Studi su ratti hanno mostrato che somministrare efonidipina, sia per via endovenosa (iniettata nel sangue) sia direttamente nel rene, aumenta il flusso di sangue nella parte interna del rene (midollare) del 21-24%, senza modificare il flusso nella parte esterna (corticale) o la pressione arteriosa.

Ruolo dell'ossido nitrico (NO)

L'effetto dell'efonidipina sul flusso sanguigno dipende in parte dal ossido nitrico (NO), una sostanza che aiuta a dilatare i vasi sanguigni.
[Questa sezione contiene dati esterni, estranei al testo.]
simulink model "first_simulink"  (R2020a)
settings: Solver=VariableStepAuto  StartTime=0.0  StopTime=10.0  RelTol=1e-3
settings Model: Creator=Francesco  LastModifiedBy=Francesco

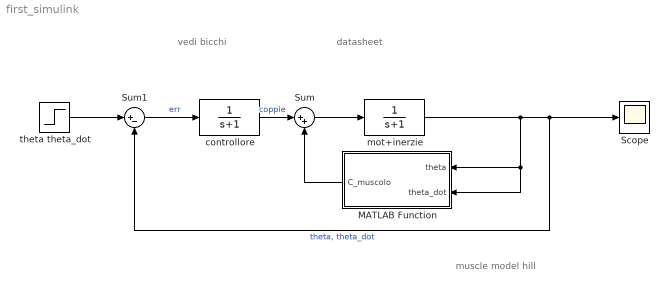
== system first_simulink ==
  note: muscle model hill
  note: datasheet
  note: vedi bicchi
  MATLAB Function : MATLAB Function  TreatAsAtomicUnit=on
  Scope : Scope
  Sum : Sum  Inputs=|++
  Sum1 : Sum  Inputs=|+-
  controllore : TransferFcn  Denominator=[1 1]
  mot+inerzie : TransferFcn  Denominator=[1 1]
  theta theta_dot : Step  SampleTime=0
  wires:
  mot+inerzie/1 -> MATLAB Function/1(theta), MATLAB Function/2(theta_dot), Sum1/2, Scope/1  "theta, theta_dot"
  MATLAB Function/1(C_muscolo) -> Sum/2
  Sum/1 -> mot+inerzie/1
  Sum1/1 -> controllore/1  "err"
  theta theta_dot/1 -> Sum1/1
  controllore/1 -> Sum/1  "coppie"

== matlab function first_simulink/MATLAB Function ==
  data: theta input; C_muscolo output; theta_dot input
function C_muscolo = fcn(theta, theta_dot)

y = u;

Quando si usa un inibitore che blocca la produzione di NO, l'aumento del flusso sanguigno causato dall'efonidipina si riduce.

Protezione contro il danno da ischemia

In condizioni di ridotto apporto di sangue al rene, simulato dall'azione dell'angiotensina II (una sostanza che restringe i vasi), l'efonidipina è stata in grado di contrastare la diminuzione del flusso sanguigno nella parte interna del rene.

Effetti sulle sostanze chimiche cellulari

  • L'efonidipina aumenta la produzione di NO nelle cellule della parte interna del rene, favorendo la dilatazione dei vasi.
  • Riduce la produzione di perossido di idrogeno (H2O2), una sostanza che può danneggiare le cellule se presente in eccesso.

Questi effetti aiutano a proteggere le cellule renali dai danni causati dalla riduzione del flusso sanguigno.

In conclusione

L'efonidipina agisce migliorando il flusso di sangue nella parte interna del rene, grazie al blocco dei canali del calcio tipo T e all'aumento dell'ossido nitrico. Questo aiuta a proteggere il rene da possibili danni causati da una riduzione del flusso sanguigno, soprattutto nella regione più delicata del rene.